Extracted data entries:

★ ★ ★ ★ ★

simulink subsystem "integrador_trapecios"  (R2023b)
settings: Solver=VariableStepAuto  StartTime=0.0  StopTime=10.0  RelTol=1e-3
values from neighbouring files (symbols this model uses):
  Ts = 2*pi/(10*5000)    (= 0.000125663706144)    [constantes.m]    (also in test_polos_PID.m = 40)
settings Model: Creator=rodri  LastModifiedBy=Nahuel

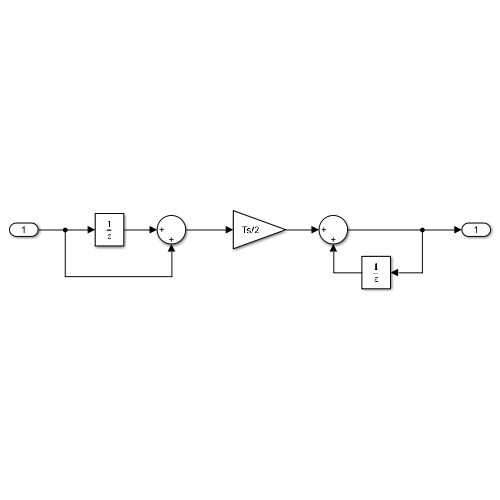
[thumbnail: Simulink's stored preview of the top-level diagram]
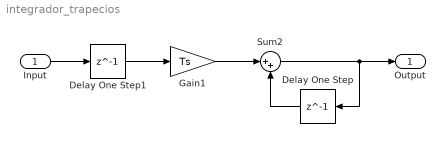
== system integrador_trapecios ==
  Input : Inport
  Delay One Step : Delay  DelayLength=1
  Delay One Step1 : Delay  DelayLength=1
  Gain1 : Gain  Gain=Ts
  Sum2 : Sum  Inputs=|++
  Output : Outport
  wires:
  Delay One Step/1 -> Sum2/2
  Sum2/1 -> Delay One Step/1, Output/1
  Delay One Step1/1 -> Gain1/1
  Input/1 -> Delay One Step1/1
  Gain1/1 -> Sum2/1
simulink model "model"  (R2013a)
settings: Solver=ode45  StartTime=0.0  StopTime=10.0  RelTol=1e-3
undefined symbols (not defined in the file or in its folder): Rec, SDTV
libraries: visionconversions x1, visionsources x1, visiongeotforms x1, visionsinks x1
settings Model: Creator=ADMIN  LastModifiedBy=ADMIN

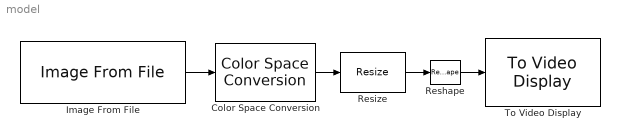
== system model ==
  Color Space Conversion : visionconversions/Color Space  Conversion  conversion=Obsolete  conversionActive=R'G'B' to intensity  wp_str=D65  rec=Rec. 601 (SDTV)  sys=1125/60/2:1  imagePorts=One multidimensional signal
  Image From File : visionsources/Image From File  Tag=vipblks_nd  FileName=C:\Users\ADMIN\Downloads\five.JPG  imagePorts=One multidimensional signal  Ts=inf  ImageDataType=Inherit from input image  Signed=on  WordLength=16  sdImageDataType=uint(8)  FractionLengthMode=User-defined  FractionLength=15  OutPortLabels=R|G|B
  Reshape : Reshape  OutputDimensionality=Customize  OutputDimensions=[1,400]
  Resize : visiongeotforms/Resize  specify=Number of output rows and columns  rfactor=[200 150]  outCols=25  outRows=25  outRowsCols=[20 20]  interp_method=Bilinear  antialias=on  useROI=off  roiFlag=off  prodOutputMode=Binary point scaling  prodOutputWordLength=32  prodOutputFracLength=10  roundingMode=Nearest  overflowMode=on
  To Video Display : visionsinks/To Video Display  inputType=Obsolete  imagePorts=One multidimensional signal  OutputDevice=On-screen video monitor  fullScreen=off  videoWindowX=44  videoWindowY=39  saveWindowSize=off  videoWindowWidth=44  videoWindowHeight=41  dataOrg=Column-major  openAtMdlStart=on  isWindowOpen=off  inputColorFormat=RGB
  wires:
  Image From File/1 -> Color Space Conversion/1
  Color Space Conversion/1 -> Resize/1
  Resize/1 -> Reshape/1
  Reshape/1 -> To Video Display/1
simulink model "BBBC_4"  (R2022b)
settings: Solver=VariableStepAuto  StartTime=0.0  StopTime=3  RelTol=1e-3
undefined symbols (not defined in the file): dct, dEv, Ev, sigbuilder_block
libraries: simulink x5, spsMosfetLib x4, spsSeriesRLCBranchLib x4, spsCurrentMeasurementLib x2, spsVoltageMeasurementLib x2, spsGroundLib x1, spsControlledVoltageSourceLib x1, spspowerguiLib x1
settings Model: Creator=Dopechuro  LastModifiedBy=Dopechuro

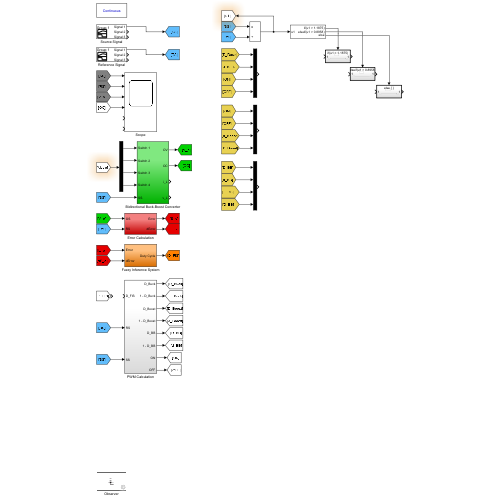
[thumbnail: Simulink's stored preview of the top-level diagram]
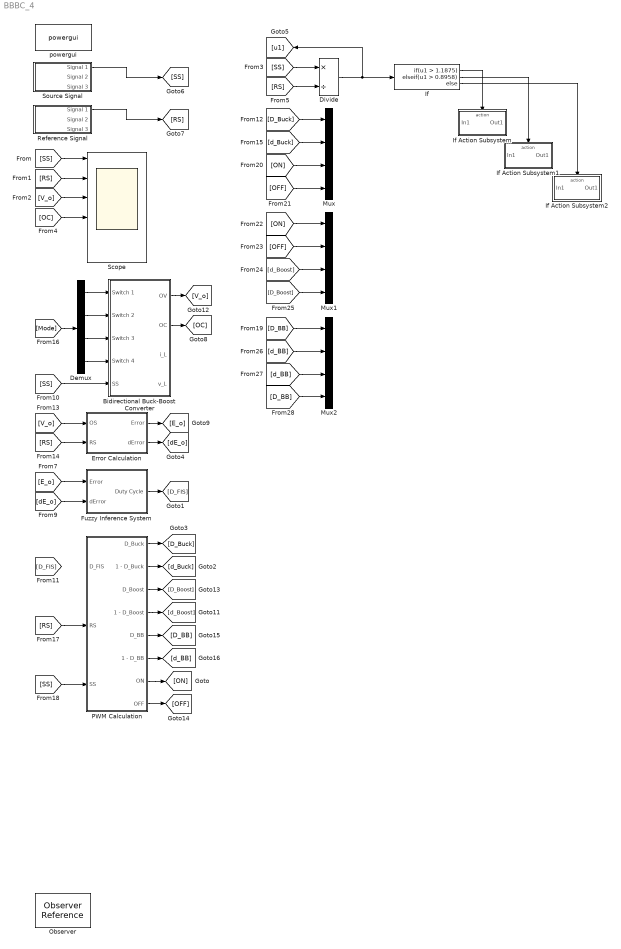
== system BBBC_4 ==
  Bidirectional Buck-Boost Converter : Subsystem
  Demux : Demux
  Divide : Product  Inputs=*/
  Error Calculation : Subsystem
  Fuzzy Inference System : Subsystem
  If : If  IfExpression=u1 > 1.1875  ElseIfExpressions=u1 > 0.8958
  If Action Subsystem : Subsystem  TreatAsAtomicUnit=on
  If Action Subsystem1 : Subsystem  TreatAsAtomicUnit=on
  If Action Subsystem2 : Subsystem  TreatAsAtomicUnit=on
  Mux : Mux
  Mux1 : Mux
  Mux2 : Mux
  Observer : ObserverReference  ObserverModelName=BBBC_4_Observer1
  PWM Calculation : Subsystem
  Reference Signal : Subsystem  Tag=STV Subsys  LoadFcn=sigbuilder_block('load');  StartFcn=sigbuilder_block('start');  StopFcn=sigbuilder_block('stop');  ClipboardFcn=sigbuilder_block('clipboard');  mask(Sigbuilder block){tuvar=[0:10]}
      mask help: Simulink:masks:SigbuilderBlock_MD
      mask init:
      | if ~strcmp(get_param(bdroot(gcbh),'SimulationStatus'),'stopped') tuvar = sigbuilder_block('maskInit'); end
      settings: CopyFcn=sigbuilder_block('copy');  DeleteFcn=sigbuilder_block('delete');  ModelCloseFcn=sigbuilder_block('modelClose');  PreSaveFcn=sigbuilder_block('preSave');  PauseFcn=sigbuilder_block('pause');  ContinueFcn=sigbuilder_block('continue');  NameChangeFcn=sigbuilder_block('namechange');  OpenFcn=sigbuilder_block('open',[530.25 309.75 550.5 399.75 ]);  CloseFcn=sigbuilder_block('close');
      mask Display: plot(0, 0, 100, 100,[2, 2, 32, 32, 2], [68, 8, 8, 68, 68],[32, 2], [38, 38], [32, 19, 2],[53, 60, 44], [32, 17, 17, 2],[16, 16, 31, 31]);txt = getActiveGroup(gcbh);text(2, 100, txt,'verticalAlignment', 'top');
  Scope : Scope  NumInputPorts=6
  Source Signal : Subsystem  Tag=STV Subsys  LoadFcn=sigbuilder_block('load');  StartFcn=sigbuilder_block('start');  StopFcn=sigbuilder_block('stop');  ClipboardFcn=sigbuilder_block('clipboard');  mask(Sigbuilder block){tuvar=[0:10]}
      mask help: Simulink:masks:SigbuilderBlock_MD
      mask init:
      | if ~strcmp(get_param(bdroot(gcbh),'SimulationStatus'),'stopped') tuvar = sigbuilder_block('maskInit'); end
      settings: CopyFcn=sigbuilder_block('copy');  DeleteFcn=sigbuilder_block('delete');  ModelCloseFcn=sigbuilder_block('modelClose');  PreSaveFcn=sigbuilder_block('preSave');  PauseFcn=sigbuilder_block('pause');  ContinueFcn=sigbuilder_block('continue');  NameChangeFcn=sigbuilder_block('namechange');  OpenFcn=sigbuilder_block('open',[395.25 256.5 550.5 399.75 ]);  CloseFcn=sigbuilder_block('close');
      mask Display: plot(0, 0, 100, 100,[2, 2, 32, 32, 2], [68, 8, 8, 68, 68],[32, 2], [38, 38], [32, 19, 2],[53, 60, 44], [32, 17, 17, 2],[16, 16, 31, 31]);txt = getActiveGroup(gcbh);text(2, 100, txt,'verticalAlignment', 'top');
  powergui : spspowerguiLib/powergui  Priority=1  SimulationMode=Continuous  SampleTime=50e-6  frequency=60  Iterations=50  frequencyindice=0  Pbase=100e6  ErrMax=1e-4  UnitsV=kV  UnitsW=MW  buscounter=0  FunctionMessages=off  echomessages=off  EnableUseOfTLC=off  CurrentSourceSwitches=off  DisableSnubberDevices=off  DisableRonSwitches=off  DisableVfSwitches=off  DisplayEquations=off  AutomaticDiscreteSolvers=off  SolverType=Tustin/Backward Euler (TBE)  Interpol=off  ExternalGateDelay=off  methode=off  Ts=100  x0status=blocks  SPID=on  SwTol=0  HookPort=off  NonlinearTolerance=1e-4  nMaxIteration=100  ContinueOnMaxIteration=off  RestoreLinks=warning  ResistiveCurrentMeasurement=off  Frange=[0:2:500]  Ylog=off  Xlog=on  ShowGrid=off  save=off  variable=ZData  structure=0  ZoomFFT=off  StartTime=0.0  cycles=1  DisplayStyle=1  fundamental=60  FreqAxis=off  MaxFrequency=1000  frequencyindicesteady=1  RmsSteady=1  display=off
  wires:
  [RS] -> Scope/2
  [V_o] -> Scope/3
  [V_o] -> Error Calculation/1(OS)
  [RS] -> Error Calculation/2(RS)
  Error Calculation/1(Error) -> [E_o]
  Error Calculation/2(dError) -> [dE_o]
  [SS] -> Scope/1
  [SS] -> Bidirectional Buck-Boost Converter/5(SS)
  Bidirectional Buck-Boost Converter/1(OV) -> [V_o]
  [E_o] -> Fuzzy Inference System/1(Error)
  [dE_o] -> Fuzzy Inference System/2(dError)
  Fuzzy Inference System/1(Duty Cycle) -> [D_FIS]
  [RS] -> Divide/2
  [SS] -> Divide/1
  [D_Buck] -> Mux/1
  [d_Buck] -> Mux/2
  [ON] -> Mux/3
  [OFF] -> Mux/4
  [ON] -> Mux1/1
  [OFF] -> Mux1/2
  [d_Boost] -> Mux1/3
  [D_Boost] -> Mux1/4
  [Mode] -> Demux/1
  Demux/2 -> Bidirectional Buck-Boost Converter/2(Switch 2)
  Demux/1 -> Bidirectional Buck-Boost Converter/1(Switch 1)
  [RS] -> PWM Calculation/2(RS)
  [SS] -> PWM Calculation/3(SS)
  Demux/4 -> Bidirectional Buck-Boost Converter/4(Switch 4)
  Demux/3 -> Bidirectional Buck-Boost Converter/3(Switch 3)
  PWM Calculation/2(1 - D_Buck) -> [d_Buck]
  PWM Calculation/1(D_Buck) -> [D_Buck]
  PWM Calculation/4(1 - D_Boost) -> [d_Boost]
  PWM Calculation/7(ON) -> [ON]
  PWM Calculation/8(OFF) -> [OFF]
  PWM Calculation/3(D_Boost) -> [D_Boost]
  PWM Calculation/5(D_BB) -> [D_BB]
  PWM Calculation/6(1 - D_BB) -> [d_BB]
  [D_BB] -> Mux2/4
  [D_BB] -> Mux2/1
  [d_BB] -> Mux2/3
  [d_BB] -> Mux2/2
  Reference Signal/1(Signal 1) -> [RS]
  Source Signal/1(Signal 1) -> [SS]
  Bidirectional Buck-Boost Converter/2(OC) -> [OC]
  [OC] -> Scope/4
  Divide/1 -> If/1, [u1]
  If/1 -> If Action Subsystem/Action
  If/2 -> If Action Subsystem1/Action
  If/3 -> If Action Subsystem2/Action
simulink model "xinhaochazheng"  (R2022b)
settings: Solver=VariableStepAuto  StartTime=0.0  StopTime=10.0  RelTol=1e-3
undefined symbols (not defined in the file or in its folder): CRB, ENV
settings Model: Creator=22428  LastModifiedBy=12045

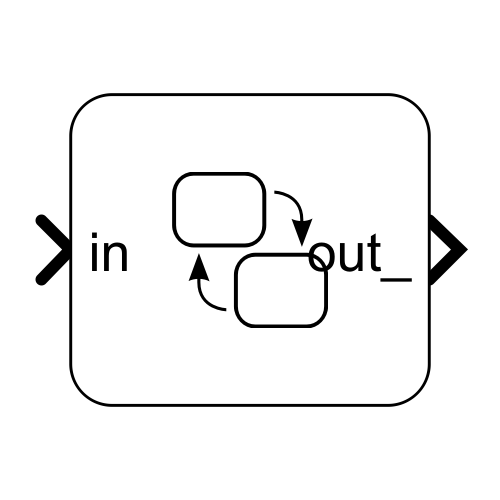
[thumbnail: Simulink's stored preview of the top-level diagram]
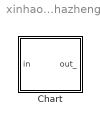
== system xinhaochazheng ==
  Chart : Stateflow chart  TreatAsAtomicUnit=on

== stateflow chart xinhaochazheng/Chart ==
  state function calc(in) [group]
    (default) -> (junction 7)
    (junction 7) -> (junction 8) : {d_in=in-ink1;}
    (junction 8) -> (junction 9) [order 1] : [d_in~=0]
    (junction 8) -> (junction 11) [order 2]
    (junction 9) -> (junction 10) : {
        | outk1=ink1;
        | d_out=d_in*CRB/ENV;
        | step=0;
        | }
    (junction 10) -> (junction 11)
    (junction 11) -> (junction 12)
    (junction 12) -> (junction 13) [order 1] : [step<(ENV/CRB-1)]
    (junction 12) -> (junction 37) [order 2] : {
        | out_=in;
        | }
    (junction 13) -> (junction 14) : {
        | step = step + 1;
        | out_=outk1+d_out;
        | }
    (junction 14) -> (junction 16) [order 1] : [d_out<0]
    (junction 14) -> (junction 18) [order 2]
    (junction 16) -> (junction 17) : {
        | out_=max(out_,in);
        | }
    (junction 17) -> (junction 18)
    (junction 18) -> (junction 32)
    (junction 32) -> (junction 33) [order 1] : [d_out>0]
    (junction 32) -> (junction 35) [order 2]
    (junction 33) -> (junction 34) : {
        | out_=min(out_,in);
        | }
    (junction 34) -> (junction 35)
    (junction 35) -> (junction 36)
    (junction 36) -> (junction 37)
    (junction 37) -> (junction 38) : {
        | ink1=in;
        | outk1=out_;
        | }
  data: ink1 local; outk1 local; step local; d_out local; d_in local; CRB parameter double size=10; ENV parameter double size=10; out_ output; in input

★ ★ ★ ★ ★

■ YOUR TASK
The lines from the start of the records above through the line that holds "Reshape : Reshape" are to be copied exactly, both ends included, and no pictures are to be copied.

■ RESPONSE AREA
simulink subsystem "integrador_trapecios"  (R2023b)
settings: Solver=VariableStepAuto  StartTime=0.0  StopTime=10.0  RelTol=1e-3
values from neighbouring files (symbols this model uses):
  Ts = 2*pi/(10*5000)    (= 0.000125663706144)    [constantes.m]    (also in test_polos_PID.m = 40)
settings Model: Creator=rodri  LastModifiedBy=Nahuel

[thumbnail: Simulink's stored preview of the top-level diagram]
== system integrador_trapecios ==
  Input : Inport
  Delay One Step : Delay  DelayLength=1
  Delay One Step1 : Delay  DelayLength=1
  Gain1 : Gain  Gain=Ts
  Sum2 : Sum  Inputs=|++
  Output : Outport
  wires:
  Delay One Step/1 -> Sum2/2
  Sum2/1 -> Delay One Step/1, Output/1
  Delay One Step1/1 -> Gain1/1
  Input/1 -> Delay One Step1/1
  Gain1/1 -> Sum2/1
simulink model "model"  (R2013a)
settings: Solver=ode45  StartTime=0.0  StopTime=10.0  RelTol=1e-3
undefined symbols (not defined in the file or in its folder): Rec, SDTV
libraries: visionconversions x1, visionsources x1, visiongeotforms x1, visionsinks x1
settings Model: Creator=ADMIN  LastModifiedBy=ADMIN

== system model ==
  Color Space Conversion : visionconversions/Color Space  Conversion  conversion=Obsolete  conversionActive=R'G'B' to intensity  wp_str=D65  rec=Rec. 601 (SDTV)  sys=1125/60/2:1  imagePorts=One multidimensional signal
  Image From File : visionsources/Image From File  Tag=vipblks_nd  FileName=C:\Users\ADMIN\Downloads\five.JPG  imagePorts=One multidimensional signal  Ts=inf  ImageDataType=Inherit from input image  Signed=on  WordLength=16  sdImageDataType=uint(8)  FractionLengthMode=User-defined  FractionLength=15  OutPortLabels=R|G|B
  Reshape : Reshape  OutputDimensionality=Customize  OutputDimensions=[1,400]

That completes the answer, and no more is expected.